A G-rated version appeared once on Sesame Street of all places! In a live-action fairy tale scenario, a prince is wooing on a princess from a different kingdom, and mentions that the princess he marries must be able to fix a sink. Luckily (or conveniently), the princess says that she's the best sink-fixer in her kingdom; she even holds up a wrench as she says this!
Stand Up Comedy
Steven Wright once recounted a tale in which he boarded a bus and met a nymphomaniac who's into Jewish cowboys. After she explained her problem to him, Steven introduced himself as "Bucky Goldstein".
Lewis Grizzard also told a variation of it occurring on a train, and the fellow introducing himself to the nympho with the line, "Hopalong Ginsberg, at your service".
Louis CK once told a joke about going out with a girl who had a rape fetish, they made out but never had sex because she stopped his advances. Later, when she asked him why they didn't have sex he said "because I thought you didn't want to." She then told him she enjoys when a guy "just holds me down and fucks me!" Played straight when Louie informs her "oh, you should have told me, I would have happily done that for you." Then subverted when the girl tells him it has to be forced to feel real and dangerous, to which he responds "I'm not gunna rape you on the off chance that you're into that shit!"
"My miniature stallion". For people who don't want to actually see it, it's 2 people discussing on camera how they found true love and got married over their shared love of being fucked by small horses.
The furry propensity towards these was deconstructed in thesethreestories. In each story, a character gets their hands on a latex transformative goo that just happens to be their fetish. Respectively, the substance makes the potential host think they have a fetish for it, it's actually a weapon to kill the addressee and everyone else in the house, and the host is a mentally unstable man having a psychotic break who thinks he's in one of the porn stories he reads.

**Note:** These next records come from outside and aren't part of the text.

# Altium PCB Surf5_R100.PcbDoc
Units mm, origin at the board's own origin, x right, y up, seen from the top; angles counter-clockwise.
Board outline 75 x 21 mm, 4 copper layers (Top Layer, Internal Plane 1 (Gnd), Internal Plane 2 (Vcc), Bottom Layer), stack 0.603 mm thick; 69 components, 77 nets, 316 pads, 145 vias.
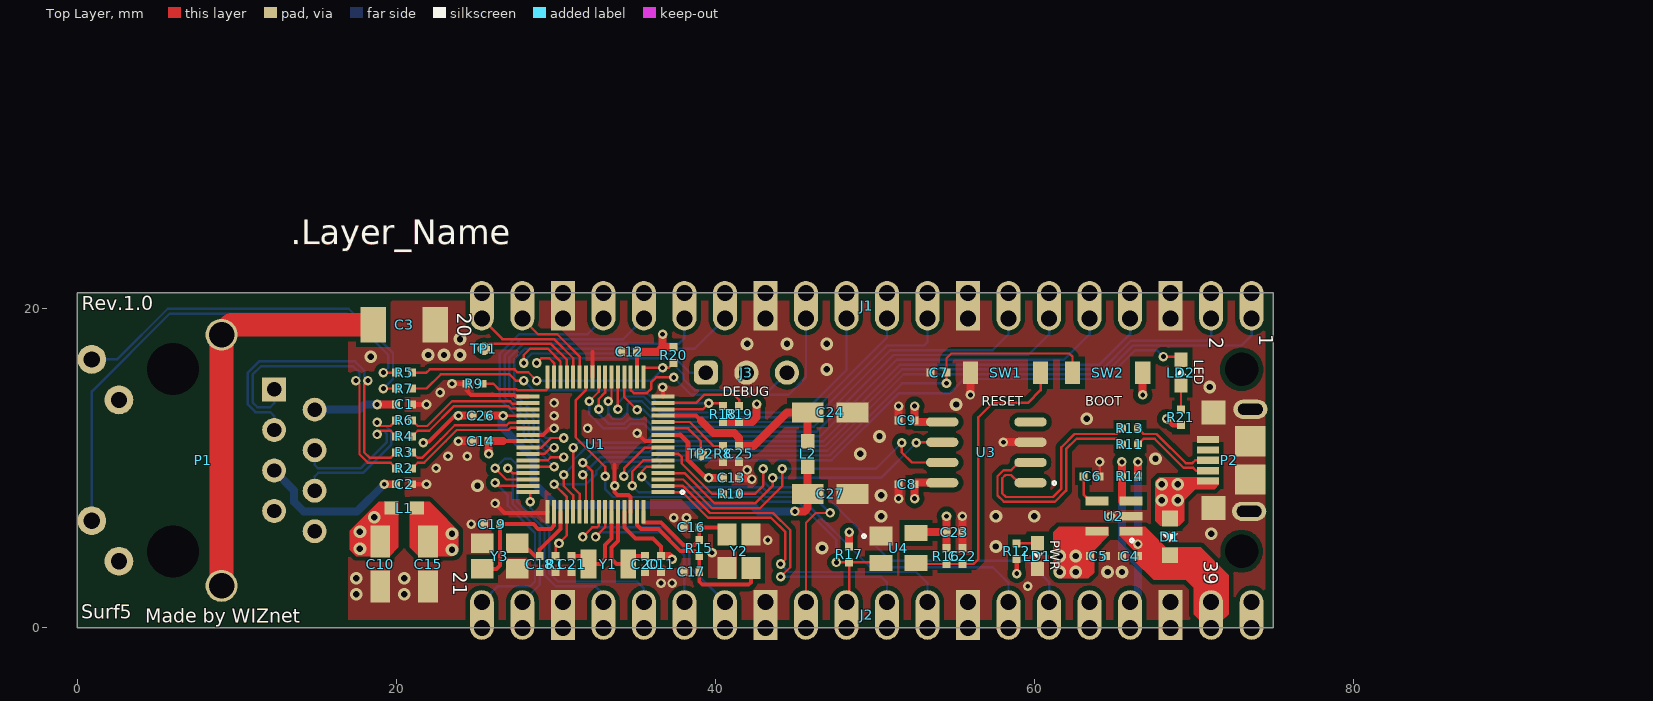
[diagram p0: Top Layer view]
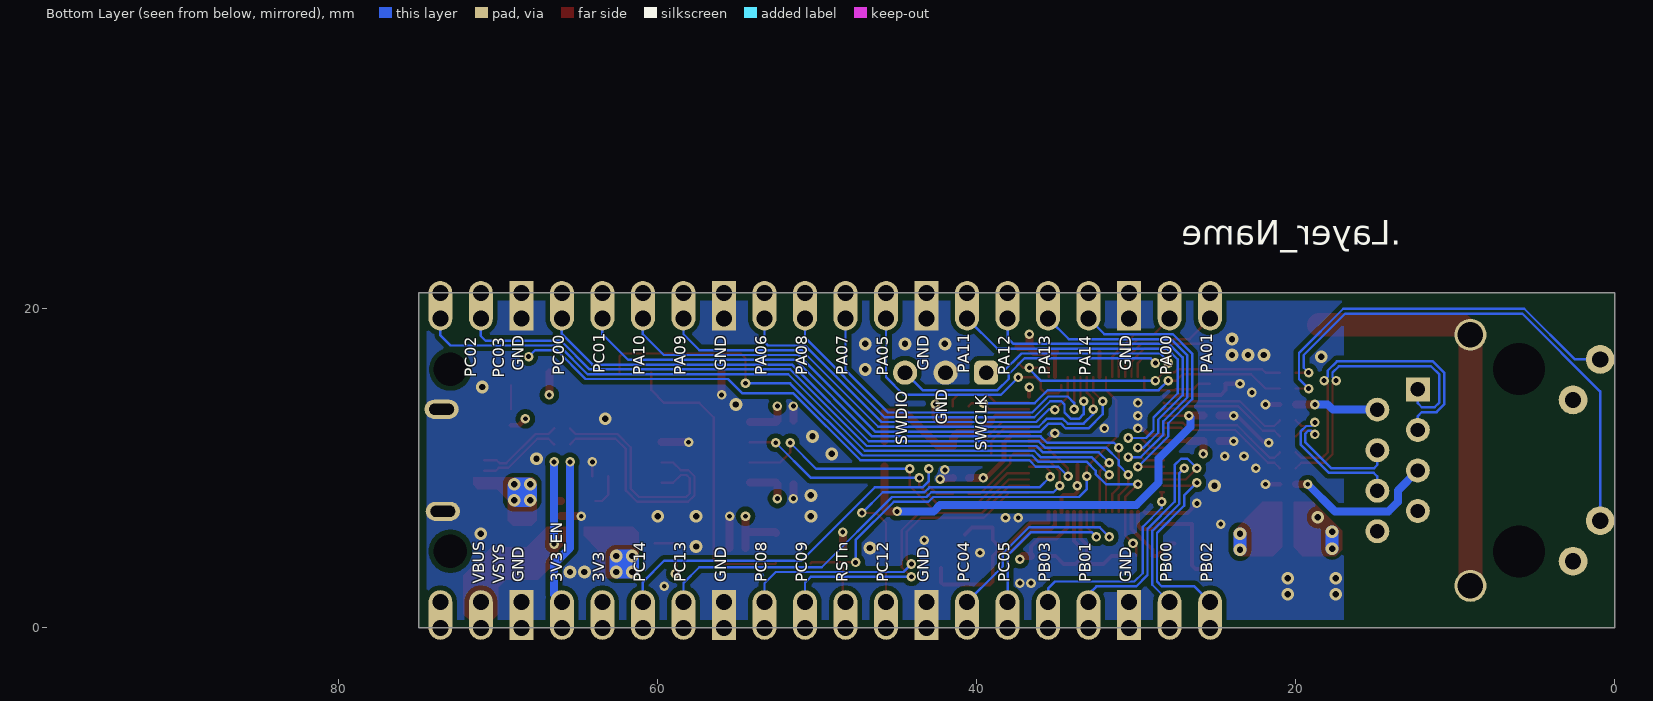
[diagram p1: Bottom Layer view, seen from below]
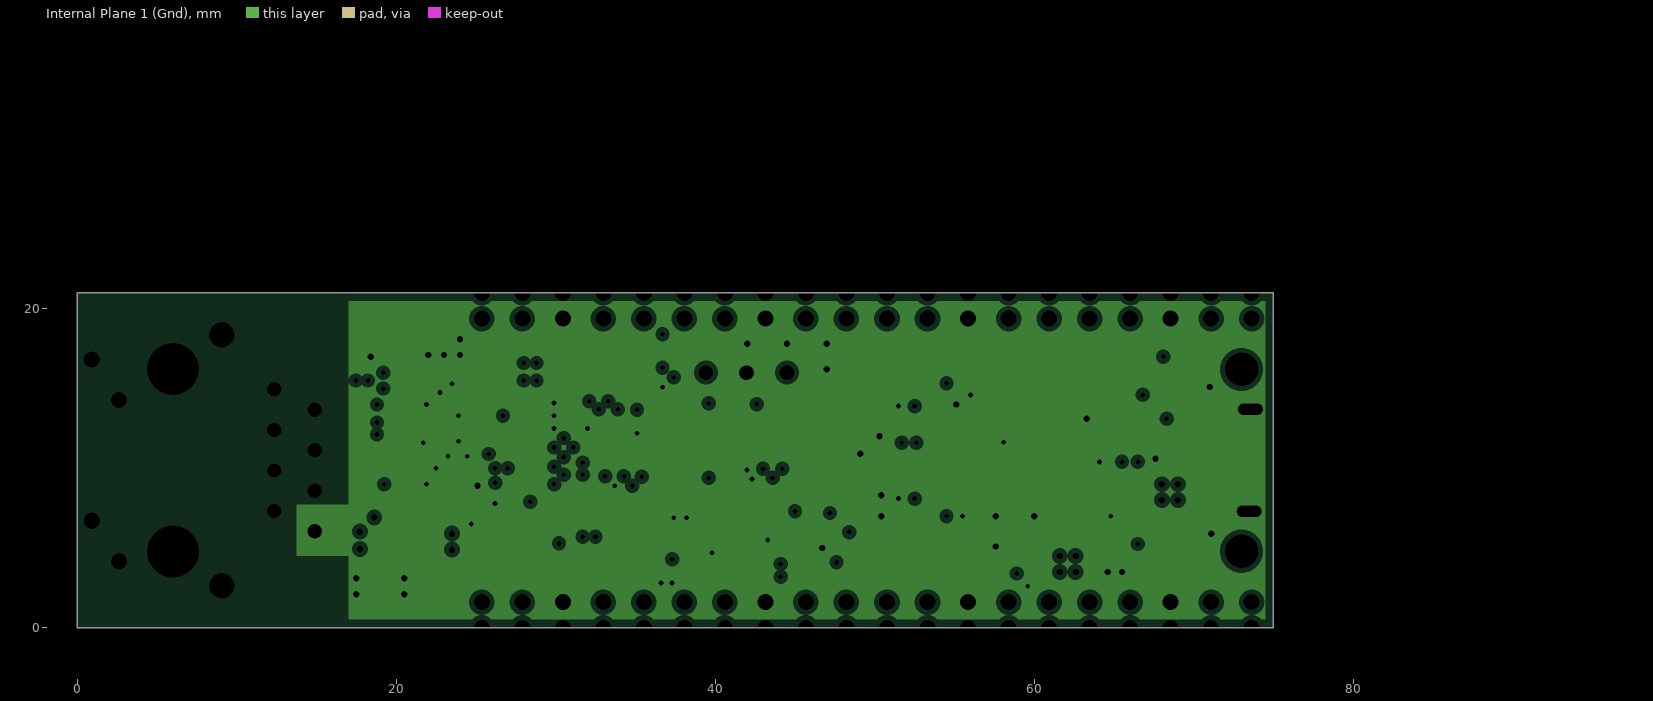
[diagram p2: Internal Plane 1 (Gnd), clearances drawn from the general rule]
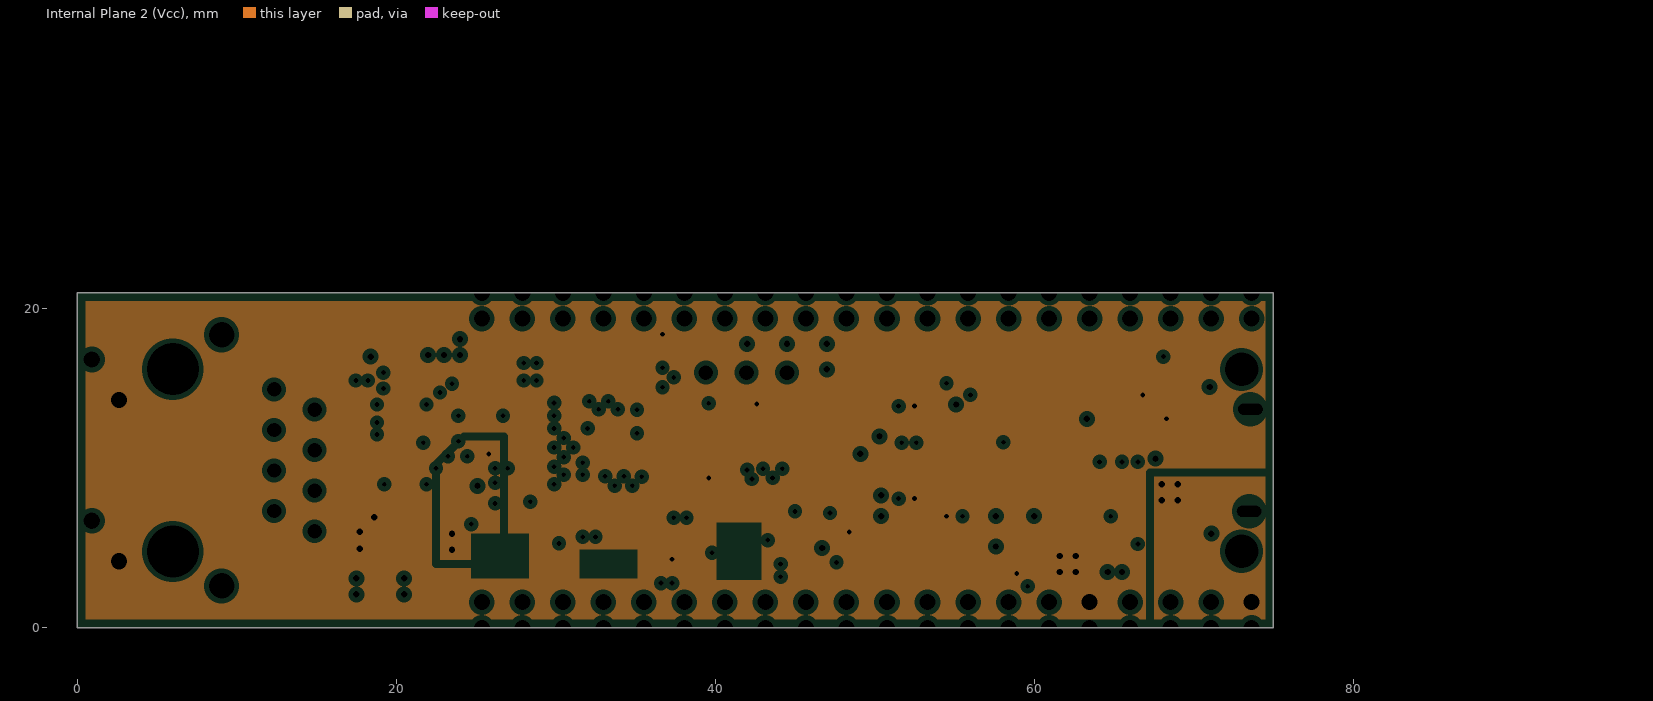
[diagram p3: Internal Plane 2 (Vcc), clearances drawn from the general rule]
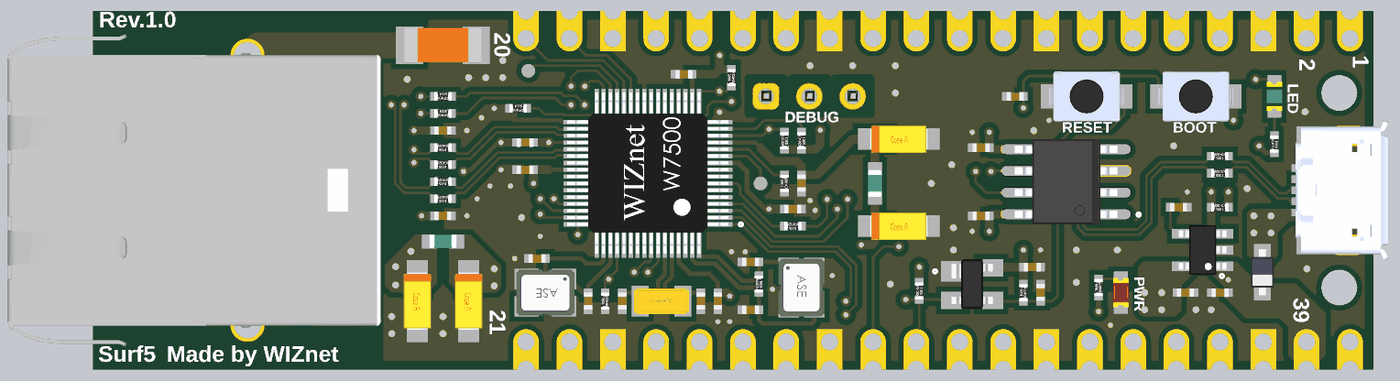
[diagram p4: 3D render of the assembled board from above, using the file's embedded part models]

## Layer stack, top to bottom
Top Solder: solder mask 0.0102, Solder Resist, Dk 3.5
Top Layer: signal copper 0.0356
Dielectric 1: prepreg 0.0711, PP-006, Dk 4.1
Internal Plane 1 (Gnd): plane copper 0.035, net GND
Dielectric1: prepreg 0.32, FR-4, Dk 4.8
Internal Plane 2 (Vcc): plane copper 0.035, net VDD_3.3V
Dielectric 2: prepreg 0.0711, PP-006, Dk 4.1
Bottom Layer: signal copper 0.0356
Bottom Solder: solder mask 0.0102, Solder Resist, Dk 3.5

## Board outline
0,0 75,0 75,21 0,21

## Design rules (kind name [scope] priority, off if disabled: settings)
BoardOutlineClearance [All] p1: gap=0.5 ignorepadtopadclearanceinfootprint=FALSE
Clearance [All] p1: gap=0.15 ignorepadtopadclearanceinfootprint=FALSE except(0.2: Arc-Hole Track-Hole SMDPad-Hole THPad-Hole Via-Hole Fill-Hole Poly-Hole Region-Hole Text-Hole; 0.3: Arc-Poly Track-Poly SMDPad-Poly THPad-Poly Via-Poly Fill-Poly Poly-Poly Poly-Region Poly-Text)
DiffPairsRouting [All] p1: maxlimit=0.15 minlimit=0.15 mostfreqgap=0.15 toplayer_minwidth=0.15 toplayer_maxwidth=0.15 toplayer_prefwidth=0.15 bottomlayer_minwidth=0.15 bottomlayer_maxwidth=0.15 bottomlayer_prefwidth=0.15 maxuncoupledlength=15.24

In gay transformation fetish stories, an awful lot of the men/boys transformed just happen to have undeclared crushes on their male friend who is usually transformed along with them. The friend, if they don't like dudes already, starts to by the end of the transformation. No, don'tthink about it. Just don't.
When couples in a TF story want to "try something new", and one of them picks something up from The Little Shop That Wasn't There Yesterday, their partner never finds it too odd to indulge in. For that matter, the partner who bought the transformative MacGuffin is never squicked out by it when the salesperson shows it to them.
One of the hosts of the The Big Little Podcast episode about communication tells a story about a man he used to chat with who had a diaper fetish but, due to growing up in the 40s and 50s kept it as secret as possible. He revealed it to his wife only once they were in their 60s and the kids were all out of the house only for her to reveal her own stash of the exact same fetish items.
In The Nostalgia Chick's review of Sleepy Hollow, she plays the scene where Katrina sees the weird marks on Ichabod's hands and just smiles at him. The Chick jokes that this must be the first time she found someone who fits her weirdly specific fetish.
Collar 6 - The entire city is apparently into BDSM.
Make that the world. Recent strips show that the divergent history of this world was an ancient (as in, Roman or earlier) discovery of Atlantis, and how they had perfected a lifestyle/society/government that combined BDSM with spirituality in such a way that it lead to world peace and sexual-lifestyle-based Ki Attacks. Yes, seriously. The few areas of the world that didn't ascribe to this are referred to as "Puritan."
Asian Reporter Tricia Takanawa: Tom, I'm standing in the bedroom of Judy and Glen Isaacs. 10 years married and still in love. What's their secret? Judy has an inoperable brain tumor the size of my fist, and that just happens to be Glen's fetish.